А было так. В воскресенье 17 февраля 1918 года в Москве, в театре Ханжонкова, состоялось собрание всех киноработников — от ведущих режиссеров, артистов и операторов до служащих ателье, прокатных контор и т. д. Председательствовал сам Ханжонков.
Резолюция гласила (пересказываю кратко): три дня назад пять человек во главе с Вл. Гардиным (единственным из них режиссером) собрали механиков, лабораторных и конторских служащих и объявили себя властью так называемого Центрального комитета. Этот демагогический захват возмутил всех собравшихся в театре Ханжонкова и дело кончилось ликвидацией этого самостийного «Комитета кинопролетарских организаций». Гардин был исключен из СРХ (секции режиссеров). Примкнувшие к нему артисты и прочие отделались испугом.
Разумеется, Ханжонков ни в малой степени не стремился захватить власть над всеми этими разом осиротевшими кинематографистами. Теми, так сказать, лишенцами, которые вдруг панически ощутили себя вообще лишенными всякого руководства. Александр Алексеевич, как мог, старался успокоить их. Старался найти, нащупать хотя бы временные контакты с теми, от которых ждал, как и все, серьезной помощи. Помощь обещали многие. Это были разные типы — порой ловкие авантюристы, порой жуликоватые «авторитеты», порой такие же растерянные революционеры. Помощи не было, но прошел месяц, и другие персонажи, уже откровенно большевистские, активно продолжили «гардинские» поползновения.
Да, Гардин сразу после революции (а точнее, еще во время оной) проявил невиданную активность. Он сразу обзавелся патронажем, то есть попечительством хозяина новой — так сказать, пролетарской — культуры Анатолия Васильевича Луначарского. Тот стал главным покровителем всех начинаний Гардина.
Поначалу Гардин стал с энтузиазмом руководить новоявленной Школой кинематографии. С ней же в 1921 году поставил фильм «Серп и молот» — революционный и неинтересный. Затем, рассорившись с учениками, впавшими в новомодные (и весьма эксцентричные) творческие ереси, опять дружески воспользовался помощью Луначарского и отправился из голодной Москвы в Ялту ставить фильм по его, наркома, пьесе «Канцлер и слесарь». И пьеса, и фильм оказались, по мнению публики, вызывающе третьесортными.
Но самой эффектной лентой — как бы на «все времена» — оказалась мистическая драма «Медвежья свадьба», сочиненная не кем иным, как тем же наркомом по мотивам известной новеллы Проспера Мериме «Локис». Сначала был спектакль в МХТ, где одну из главных ролей играла жена Луначарского — весьма посредственная актриса Наталья Розенель. Фактически ради нее и снималась кинолента, премьера которой состоялась 25 января 1926 года.

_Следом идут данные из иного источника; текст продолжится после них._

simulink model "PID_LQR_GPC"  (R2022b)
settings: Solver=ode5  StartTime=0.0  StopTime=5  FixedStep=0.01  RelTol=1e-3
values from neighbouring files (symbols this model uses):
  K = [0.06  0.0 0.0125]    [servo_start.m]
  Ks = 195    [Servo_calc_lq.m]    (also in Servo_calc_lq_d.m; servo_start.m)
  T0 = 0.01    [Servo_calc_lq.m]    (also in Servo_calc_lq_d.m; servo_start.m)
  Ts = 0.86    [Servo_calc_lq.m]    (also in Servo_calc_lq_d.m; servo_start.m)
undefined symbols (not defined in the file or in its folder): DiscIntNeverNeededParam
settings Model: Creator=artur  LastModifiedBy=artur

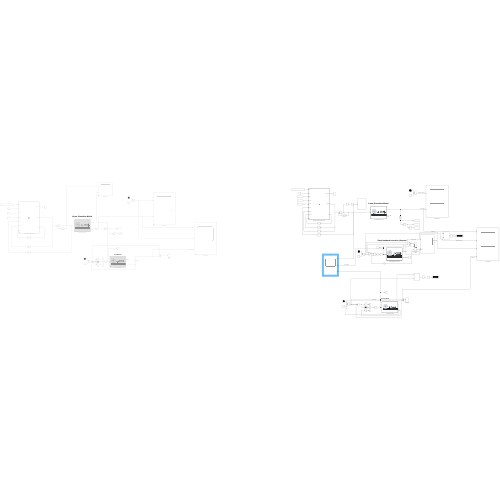
[thumbnail: Simulink's stored preview of the top-level diagram]
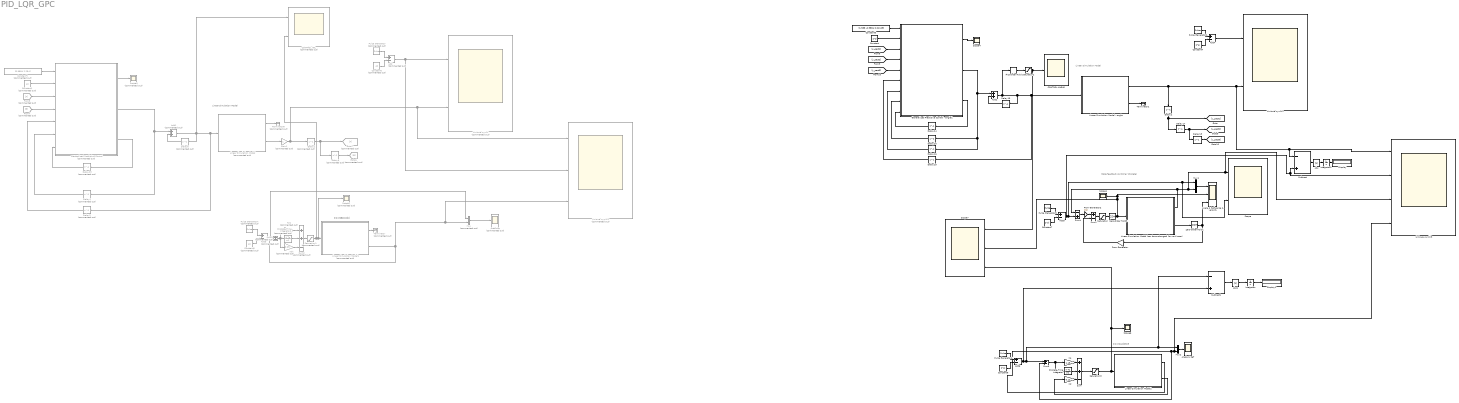
== system PID_LQR_GPC ==
  note: Linear Simulation Model
  note: PID PRĘDKOŚĆ
  note: Linear Simulation Model
  note: State feedback controller (discrete)
  note: PID POŁOŻENIE
  Abs : Abs  SaturateOnIntegerOverflow=off
  Abs1 : Abs  SaturateOnIntegerOverflow=off
  Add : Sum  Commented=on  Inputs=+-
  Add1 : Sum  Commented=on
  Add2 : Sum
  Add3 : Sum  Commented=on  Inputs=+-
  Add4 : Sum  Inputs=+-
  Add5 : Sum  Inputs=+-
  Add6 : Sum  Inputs=+-
  Angle & Ref : Scope
  Angle & Reference & velocity : Scope  NumInputPorts=3
  CONTROL ANGLE : Scope
  CONTROL VEL : Scope  Commented=on  NumInputPorts=2
  Constant{,4,7..8} (4 alike) : Constant  Value=2*pi
  Constant1 : Constant  Commented=on  Value=40
  Constant2 : Constant  Commented=on  Value=40
  Constant3 : Constant  Commented=on  Value=40
  Constant5 : Constant  Commented=on  Value=[0.9884 2.254]
  Constant6 : Constant  Value=[1.988 -0.9884 0.01129]
  Delay{1,3..6} (5 alike) : Delay  Commented=on  DelayLength=1  InitialCondition=0
  Delay{2,15..19} (6 alike) : Delay  DelayLength=1  InitialCondition=0
  Delay20 : Delay  InitialCondition=0
  Delay23 : Delay  Commented=on  DelayLength=1  InitialCondition=1
  Delay24 : Delay  DelayLength=1  InitialCondition=1
  Discrete-Time Integrator : DiscreteIntegrator  gainval=0.02  SampleTime=-1  ICPrevOutput=DiscIntNeverNeededParam  ICPrevScaledInput=DiscIntNeverNeededParam
  Discrete-Time Integrator1 : DiscreteIntegrator  Commented=on  gainval=0.05  SampleTime=-1  ICPrevOutput=DiscIntNeverNeededParam  ICPrevScaledInput=DiscIntNeverNeededParam
  Display : Display
  Display1 : Display
  First Order Hold : FirstOrderHold  ErrorTolerance=inf
  From Generator : Gain  Gain=K(2)  SaturateOnIntegerOverflow=on  OutDataTypeStr=Inherit: Same as input  ParamDataTypeStr=Inherit: Same as input
  From Generator2 : Gain  Gain=K(1)  SaturateOnIntegerOverflow=on  OutDataTypeStr=Inherit: Same as input  ParamDataTypeStr=Inherit: Same as input
  From3 : From  Commented=on
  From7 : From  Commented=on  GotoTag=B
  Gain1 : Gain  Commented=on
  Generalized Predictive Control : MATLAB Function  Commented=on  TreatAsAtomicUnit=on
  Generalized Predictive Control - angle1 : MATLAB Function  TreatAsAtomicUnit=on
  Goto6 : Goto  Commented=on  GotoTag=B
  Goto7 : Goto  Commented=on
  Integrator : Integrator
  Integrator1 : Integrator
  Kd : Gain  Gain=0.12  SaturateOnIntegerOverflow=on  OutDataTypeStr=Inherit: Same as input  ParamDataTypeStr=Inherit: Same as input
  Kd1 : Gain  Commented=on  Gain=0.05  SaturateOnIntegerOverflow=on  OutDataTypeStr=Inherit: Same as input  ParamDataTypeStr=Inherit: Same as input
  Kp : Gain  Gain=1.15  SaturateOnIntegerOverflow=on  OutDataTypeStr=Inherit: Same as input  ParamDataTypeStr=Inherit: Same as input
  Kp1 : Gain  Commented=on  Gain=1.35  SaturateOnIntegerOverflow=on  OutDataTypeStr=Inherit: Same as input  ParamDataTypeStr=Inherit: Same as input
  Linear Simulation Model : Subsystem  Commented=on  mask{x0=[0 0]}
      mask prompts: x0 "Initial conditions [angle vel]"
      mask Display: image(imread('Servo_m.JPG'))
  Linear Simulation Model (can be exchanged  for nonlinear) : Subsystem  mask{x0=[0 0]}
      mask prompts: x0 "Initial conditions [angle vel]"
      mask Display: image(imread('Servo_m.JPG'))
  Linear Simulation Model - angle : Subsystem  mask{x0=[0 0]}
      mask prompts: x0 "Initial conditions [angle vel]"
      mask Display: image(imread('Servo_m.JPG'))
  Linear Simulation Model1 : Subsystem  Commented=on  mask{x0=[0*25*pi/2 0]}
      mask prompts: x0 "Initial conditions [angle vel]"
      mask Display: image(imread('Servo_m.JPG'))
  Linear Simulation Model2 : Subsystem  mask{x0=[0*25*pi/2 0]}
      mask prompts: x0 "Initial conditions [angle vel]"
      mask Display: image(imread('Servo_m.JPG'))
  Liniowe wyniki : Scope  Commented=on  NumInputPorts=2
  Liniowe wyniki1 : Scope  NumInputPorts=2
  Liniowe wyniki2 : Scope  Commented=on  NumInputPorts=3
  Liniowe wyniki3 : Scope  NumInputPorts=4
  Mux : Mux  Commented=on  Inputs=2
  Mux1 : Mux  Inputs=2
  Mux2 : Mux  Inputs=2
  Pulse Generator : DiscretePulseGenerator  Commented=on  PulseType=Time based  Amplitude=80  Period=4  PulseWidth=50
  Pulse Generator1 : DiscretePulseGenerator  Commented=on  PulseType=Time based  Amplitude=80  Period=4  PulseWidth=50
  Pulse Generator2 : DiscretePulseGenerator  PulseType=Time based  Amplitude=4*pi  Period=4  PulseWidth=50
  Pulse Generator3 : DiscretePulseGenerator  PulseType=Time based  Amplitude=4*pi  Period=4  PulseWidth=50
  Pulse Generator4 : DiscretePulseGenerator  PulseType=Time based  Amplitude=4*pi  Period=4  PulseWidth=50
  Saturation : Saturate  UpperLimit=1  LowerLimit=-1
  Saturation1 : Saturate  Commented=on  UpperLimit=1  LowerLimit=-1
  Saturation2 : Saturate  UpperLimit=1  LowerLimit=-1
  Saturation3 : Saturate  UpperLimit=1  LowerLimit=-1
  Scope : Scope  NumInputPorts=2
  Scope1 : Scope
  Scope2 : Scope  Commented=on
  Scope3 : Scope  Commented=on
  Scope4 : Scope
  Scope6 : Scope
  Scope7 : Scope  NumInputPorts=3
  Subtract : Sum  Inputs=-+
  Subtract1 : Sum  Inputs=-+
  Sum : Sum  Inputs=++-  InputSameDT=on  SaturateOnIntegerOverflow=on  OutDataTypeStr=Inherit: Same as first input
  Sum1 : Sum  Inputs=+-  InputSameDT=on  SaturateOnIntegerOverflow=on  OutDataTypeStr=Inherit: Same as first input
  Sum2 : Sum  Commented=on  Inputs=++-  InputSameDT=on  SaturateOnIntegerOverflow=on  OutDataTypeStr=Inherit: Same as first input
  Sum3 : Sum  Commented=on  Inputs=+-  InputSameDT=on  SaturateOnIntegerOverflow=on  OutDataTypeStr=Inherit: Same as first input
  Sum4 : Sum  Inputs=-+  InputSameDT=on  SaturateOnIntegerOverflow=on  OutDataTypeStr=Inherit: Same as first input
  Sum5 : Sum  Inputs=+-  InputSameDT=on  SaturateOnIntegerOverflow=on  OutDataTypeStr=Inherit: Same as first input
  Terminator : Terminator  Commented=on
  Terminator1 : Terminator
  Terminator8 : Terminator  Commented=on
  Zero-Order Hold1 : ZeroOrderHold  SampleTime=T0
  Zero-Order Hold3 : ZeroOrderHold  SampleTime=T0
  predkosc : Scope  Commented=on
  wires:
  Delay23/1 -> Generalized Predictive Control/7(cntp)
  From3/1 -> Generalized Predictive Control/3(y_past1)
  Delay3/1 -> Generalized Predictive Control/5(u_past)
  Add/1 -> Liniowe wyniki2/2, Liniowe wyniki/1  "Trajektoria referencyjna"
  From7/1 -> Generalized Predictive Control/4(y_past2)
  Generalized Predictive Control/2(du_control) -> Delay4/1, Add1/1  "du"
  Delay4/1 -> Generalized Predictive Control/6(du_past)
  Linear Simulation Model/1(Angle) -> Terminator8/1  "Angle"
  Delay6/1 -> Add1/2
  Constant2/1 -> Add/2
  Generalized Predictive Control/3(cnt) -> Delay23/1
  Mux/1 -> predkosc/1
  Pulse Generator/1 -> Add/1
  Gain1/1 -> Delay1/1, Liniowe wyniki2/1, Liniowe wyniki/2  "Regulator GPC"
  Linear Simulation Model/2(Velocity) -> Gain1/1  "Velocity"
  Constant1/1 -> Generalized Predictive Control/2(ref)
  Add1/1 -> CONTROL VEL/1, Delay3/1, Linear Simulation Model/1(Control), Delay6/1
  Delay5/1 -> Goto6/1
  Constant5/1 -> Generalized Predictive Control/1(theta)
  Generalized Predictive Control/1(du_predicted) -> Scope3/1
  Discrete-Time Integrator1/1 -> Sum2/2
  Sum3/1 -> Discrete-Time Integrator1/1, Kp1/1, Kd1/1  "e alfa"
  Kp1/1 -> Sum2/1
  Pulse Generator1/1 -> Add3/1
  Add3/1 -> Mux/1, Sum3/1
  Sum2/1 -> Saturation1/1
  Linear Simulation Model1/1(Angle) -> Terminator/1  "Angle"
  Kd1/1 -> Sum2/3
  Linear Simulation Model1/2(Velocity) -> Liniowe wyniki2/3, Mux/2, Sum3/2  "Regulator PID"
  Constant3/1 -> Add3/2
  Saturation1/1 -> CONTROL VEL/2, Scope2/1, Linear Simulation Model1/1(Control)
  Constant6/1 -> Generalized Predictive Control - angle1/1(theta)  "ref"
  Generalized Predictive Control - angle1/2(du_control) -> Delay16/1, Delay20/1, Add2/1  "du"
  Delay19/1 -> Generalized Predictive Control - angle1/6(u_past)
  Generalized Predictive Control - angle1/1(du_predicted) -> Scope4/1
  Linear Simulation Model - angle/2(Velocity) -> Terminator1/1  "Velocity"
  Generalized Predictive Control - angle1/3(cnt) -> Delay24/1
  Add2/1 -> Delay15/1, Delay19/1, Linear Simulation Model - angle/1(Control), First Order Hold/1  "S"
  Delay16/1 -> Generalized Predictive Control - angle1/7(du_past1)
  Linear Simulation Model - angle/1(Angle) -> Delay2/1, Liniowe wyniki3/1, Subtract/1, Liniowe wyniki1/2  "Regulator GPC"
  First Order Hold/1 -> Saturation2/1
  [y_past1] -> Generalized Predictive Control - angle1/3(y_past1)
  Delay2/1 -> Delay17/1, [y_past1]
  [y_past2] -> Generalized Predictive Control - angle1/4(y_past2)
  Delay18/1 -> [y_past3]
  Constant4/1 -> Add4/2
  Delay17/1 -> Delay18/1, [y_past2]
  Delay20/1 -> Generalized Predictive Control - angle1/8(du_past2)
  Add4/1 -> Liniowe wyniki1/1  "Trajektoria referencyjna"
  Pulse Generator2/1 -> Add4/1
  Delay24/1 -> Generalized Predictive Control - angle1/9(cntp)
  Delay15/1 -> Add2/2
  Constant/1 -> Generalized Predictive Control - angle1/2(ref)
  [y_past3] -> Generalized Predictive Control - angle1/5(y_past3)
  From Generator/1 -> Sum1/2
  Add5/1 -> Liniowe wyniki3/2, Subtract/2, Sum4/2, Scope/2, Mux1/1  "Trajektoria referencyjna"
  Sum4/1 -> From Generator2/1
  Linear Simulation Model (can be exchanged  for nonlinear)/1(Angle) -> Liniowe wyniki3/3, Scope/1, Mux1/2, Sum4/1  "Regulator LQR"
  Mux1/1 -> Angle & Reference & velocity/1  "Angle & ref"
  From Generator2/1 -> Sum1/1
  Zero-Order Hold3/1 -> Scope7/2, Scope1/1, Angle & Reference & velocity/2, Linear Simulation Model (can be exchanged  for nonlinear)/1(Control)  "Regulator LQR"
  Zero-Order Hold1/1 -> Angle & Reference & velocity/3, From Generator/1
  Pulse Generator3/1 -> Add5/1
  Sum1/1 -> Saturation/1
  Saturation/1 -> Zero-Order Hold3/1
  Linear Simulation Model (can be exchanged  for nonlinear)/2(Velocity) -> Zero-Order Hold1/1  "velocity (tacho)"
  Constant7/1 -> Add5/2
  Saturation2/1 -> CONTROL ANGLE/1, Scope7/1  "Regulator MPC"
  Delay1/1 -> Delay5/1, Goto7/1
  Constant8/1 -> Add6/2
  Integrator/1 -> Display1/1
  Subtract1/1 -> Abs1/1
  Saturation3/1 -> Scope7/3, Scope6/1, Linear Simulation Model2/1(Control)  "Regulator PID"
  Discrete-Time Integrator/1 -> Sum/2
  Pulse Generator4/1 -> Add6/1
  Kd/1 -> Sum/3
  Sum/1 -> Saturation3/1
  Linear Simulation Model2/2(Velocity) -> Kd/1  "velocity"
  Add6/1 -> Subtract1/2, Sum5/1, Subtract1/1, Mux2/1  "Trajektoria referencyjna"
  Mux2/1 -> Angle & Ref/1
  Linear Simulation Model2/1(Angle) -> Sum5/2, Liniowe wyniki3/4, Mux2/2  "Regulator PID"
  Sum5/1 -> Discrete-Time Integrator/1, Kp/1  "e alfa"
  Abs1/1 -> Integrator/1
  Kp/1 -> Sum/1
  Integrator1/1 -> Display/1
  Abs/1 -> Integrator1/1
  Subtract/1 -> Abs/1

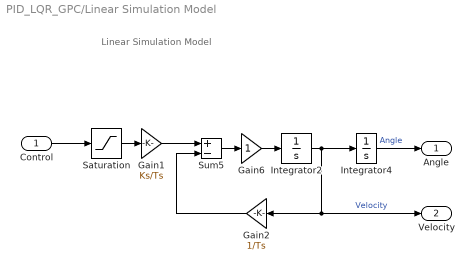
== system PID_LQR_GPC/Linear Simulation Model ==
  note: Linear Simulation Model
  Control : Inport
  Gain1 : Gain  Gain=Ks/Ts  SaturateOnIntegerOverflow=on  OutDataTypeStr=Inherit: Same as input  ParamDataTypeStr=Inherit: Same as input
  Gain2 : Gain  Gain=1/Ts  SaturateOnIntegerOverflow=on  OutDataTypeStr=Inherit: Same as input  ParamDataTypeStr=Inherit: Same as input
  Gain6 : Gain  SaturateOnIntegerOverflow=on  OutDataTypeStr=Inherit: Same as input  ParamDataTypeStr=Inherit: Same as input
  Integrator2 : Integrator  InitialCondition=x0(2)
  Integrator4 : Integrator  InitialCondition=x0(1)
  Saturation : Saturate  UpperLimit=1  LowerLimit=-1
  Sum5 : Sum  Inputs=+-  InputSameDT=on  SaturateOnIntegerOverflow=on  OutDataTypeStr=Inherit: Same as first input
  Angle : Outport  InitialOutput=0  VectorParamsAs1DForOutWhenUnconnected=off
  Velocity : Outport  Port=2  InitialOutput=0  VectorParamsAs1DForOutWhenUnconnected=off
  wires:
  Sum5/1 -> Gain6/1
  Gain2/1 -> Sum5/2
  Integrator2/1 -> Integrator4/1, Velocity/1, Gain2/1  "Velocity"
  Integrator4/1 -> Angle/1  "Angle"
  Gain6/1 -> Integrator2/1
  Control/1 -> Saturation/1
  Saturation/1 -> Gain1/1
  Gain1/1 -> Sum5/1

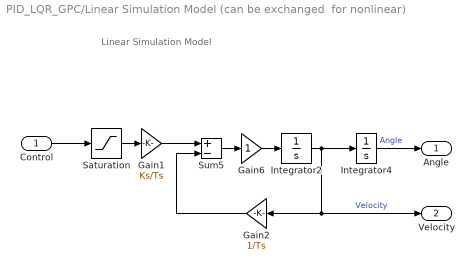
== system PID_LQR_GPC/Linear Simulation Model (can be exchanged  for nonlinear) ==
  note: Linear Simulation Model
  Control : Inport
  Gain1 : Gain  Gain=Ks/Ts  SaturateOnIntegerOverflow=on  OutDataTypeStr=Inherit: Same as input  ParamDataTypeStr=Inherit: Same as input
  Gain2 : Gain  Gain=1/Ts  SaturateOnIntegerOverflow=on  OutDataTypeStr=Inherit: Same as input  ParamDataTypeStr=Inherit: Same as input
  Gain6 : Gain  SaturateOnIntegerOverflow=on  OutDataTypeStr=Inherit: Same as input  ParamDataTypeStr=Inherit: Same as input
  Integrator2 : Integrator  InitialCondition=x0(2)
  Integrator4 : Integrator  InitialCondition=x0(1)
  Saturation : Saturate  UpperLimit=1  LowerLimit=-1
  Sum5 : Sum  Inputs=+-  InputSameDT=on  SaturateOnIntegerOverflow=on  OutDataTypeStr=Inherit: Same as first input
  Angle : Outport  InitialOutput=0  VectorParamsAs1DForOutWhenUnconnected=off
  Velocity : Outport  Port=2  InitialOutput=0  VectorParamsAs1DForOutWhenUnconnected=off
  wires:
  Gain1/1 -> Sum5/1
  Saturation/1 -> Gain1/1
  Control/1 -> Saturation/1
  Gain6/1 -> Integrator2/1
  Integrator4/1 -> Angle/1  "Angle"
  Integrator2/1 -> Gain2/1, Velocity/1, Integrator4/1  "Velocity"
  Gain2/1 -> Sum5/2
  Sum5/1 -> Gain6/1

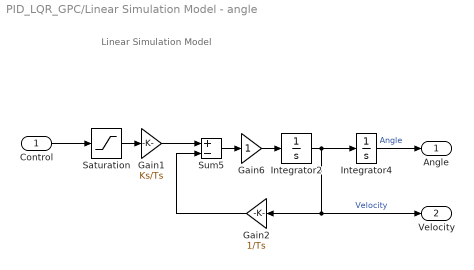
== system PID_LQR_GPC/Linear Simulation Model - angle ==
  note: Linear Simulation Model
  Control : Inport
  Gain1 : Gain  Gain=Ks/Ts  SaturateOnIntegerOverflow=on  OutDataTypeStr=Inherit: Same as input  ParamDataTypeStr=Inherit: Same as input
  Gain2 : Gain  Gain=1/Ts  SaturateOnIntegerOverflow=on  OutDataTypeStr=Inherit: Same as input  ParamDataTypeStr=Inherit: Same as input
  Gain6 : Gain  SaturateOnIntegerOverflow=on  OutDataTypeStr=Inherit: Same as input  ParamDataTypeStr=Inherit: Same as input
  Integrator2 : Integrator  InitialCondition=x0(2)
  Integrator4 : Integrator  InitialCondition=x0(1)
  Saturation : Saturate  UpperLimit=1  LowerLimit=-1
  Sum5 : Sum  Inputs=+-  InputSameDT=on  SaturateOnIntegerOverflow=on  OutDataTypeStr=Inherit: Same as first input
  Angle : Outport  InitialOutput=0  VectorParamsAs1DForOutWhenUnconnected=off
  Velocity : Outport  Port=2  InitialOutput=0  VectorParamsAs1DForOutWhenUnconnected=off
  wires:
  Sum5/1 -> Gain6/1
  Gain2/1 -> Sum5/2
  Integrator2/1 -> Integrator4/1, Velocity/1, Gain2/1  "Velocity"
  Integrator4/1 -> Angle/1  "Angle"
  Gain6/1 -> Integrator2/1
  Control/1 -> Saturation/1
  Saturation/1 -> Gain1/1
  Gain1/1 -> Sum5/1

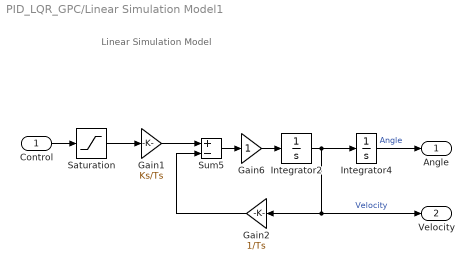
== system PID_LQR_GPC/Linear Simulation Model1 ==
  note: Linear Simulation Model
  Control : Inport
  Gain1 : Gain  Gain=Ks/Ts  SaturateOnIntegerOverflow=on  OutDataTypeStr=Inherit: Same as input  ParamDataTypeStr=Inherit: Same as input
  Gain2 : Gain  Gain=1/Ts  SaturateOnIntegerOverflow=on  OutDataTypeStr=Inherit: Same as input  ParamDataTypeStr=Inherit: Same as input
  Gain6 : Gain  SaturateOnIntegerOverflow=on  OutDataTypeStr=Inherit: Same as input  ParamDataTypeStr=Inherit: Same as input
  Integrator2 : Integrator  InitialCondition=x0(2)
  Integrator4 : Integrator  InitialCondition=x0(1)
  Saturation : Saturate  UpperLimit=1  LowerLimit=-1
  Sum5 : Sum  Inputs=+-  InputSameDT=on  SaturateOnIntegerOverflow=on  OutDataTypeStr=Inherit: Same as first input
  Angle : Outport  InitialOutput=0  VectorParamsAs1DForOutWhenUnconnected=off
  Velocity : Outport  Port=2  InitialOutput=0  VectorParamsAs1DForOutWhenUnconnected=off
  wires:
  Sum5/1 -> Gain6/1
  Gain2/1 -> Sum5/2
  Integrator2/1 -> Integrator4/1, Velocity/1, Gain2/1  "Velocity"
  Integrator4/1 -> Angle/1  "Angle"
  Gain6/1 -> Integrator2/1
  Control/1 -> Saturation/1
  Gain1/1 -> Sum5/1
  Saturation/1 -> Gain1/1

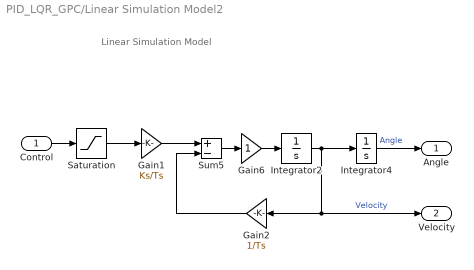
== system PID_LQR_GPC/Linear Simulation Model2 ==
  note: Linear Simulation Model
  Control : Inport
  Gain1 : Gain  Gain=Ks/Ts  SaturateOnIntegerOverflow=on  OutDataTypeStr=Inherit: Same as input  ParamDataTypeStr=Inherit: Same as input
  Gain2 : Gain  Gain=1/Ts  SaturateOnIntegerOverflow=on  OutDataTypeStr=Inherit: Same as input  ParamDataTypeStr=Inherit: Same as input
  Gain6 : Gain  SaturateOnIntegerOverflow=on  OutDataTypeStr=Inherit: Same as input  ParamDataTypeStr=Inherit: Same as input
  Integrator2 : Integrator  InitialCondition=x0(2)
  Integrator4 : Integrator  InitialCondition=x0(1)
  Saturation : Saturate  UpperLimit=1  LowerLimit=-1
  Sum5 : Sum  Inputs=+-  InputSameDT=on  SaturateOnIntegerOverflow=on  OutDataTypeStr=Inherit: Same as first input
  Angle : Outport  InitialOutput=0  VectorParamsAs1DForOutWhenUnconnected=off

Фактически ее режиссером был Гардин.
К удивлению многих интеллигентов, фильм имел оглушительный экранный успех. Вот его краткое содержание: Литва, начало XIX века. Граф Шемет, зачатый от медведя, любит панну Юльку, однако знает, что он временами превращается в медведя, и хочет оставить ее (то есть спасти). Но Юлька, наивно веря, что все можно исцелить любовью, соблазняет графа. Это, как водится, приводит к трагическому результату. Я бы не стал называть этот фильм тотально глупым, плохим или неинтересным. В своем жанре он был остро и сенсационно завлекательным, чем-то вроде сногсшибательного циркового представления.
Фильм, повторяю, имел успех более сильный и громкий, чем его хронологический современник — и соперник — «Броненосец „Потемкин“». Над этим фактом поиздевались многие советские интеллектуалы. Маяковский писал:
Исполнителем главной роли графа Шемета был роковой красавец Константин Эггерт.
…Воспользуюсь случаем, чтобы сделать некое отступление. Хочу условно сопоставить назойливо-советские фильмы Гардина с кинолентами великого поэта. Как я понимаю, совмещение — точнее, столкновение — этих двух людей было в своем роде единственным и по-своему продуктивным. То есть для обоих весьма показательным. Напомню, что это было фактически первое десятилетие революции.
Как известно, Маяковский сам поспешил в это время попробовать свои силы перед кинокамерой. Правда, у него уже была мимолетная роль поэта в фильме 1914 года под названием «Драма в кабаре футуристов № 13». Сегодня этот фильм утерян, но, похоже, это был занятный пример доподлинного «сумбура вместо музыки» — как и было положено в футуристском «вертепе». Творческого успеха фильм, кажется, не имел. Но интересно: была ли у Маяковского удача в советских фильмах? Это вопрос!
И, однако, он не преминул, напоровшись на Гардина в поезде (они были шапочно знакомы), резко отделать его и за «Медвежью свадьбу», и — особенно! — за гардинского Пушкина (фильм «Поэт и царь»). Но об этом чуть позже.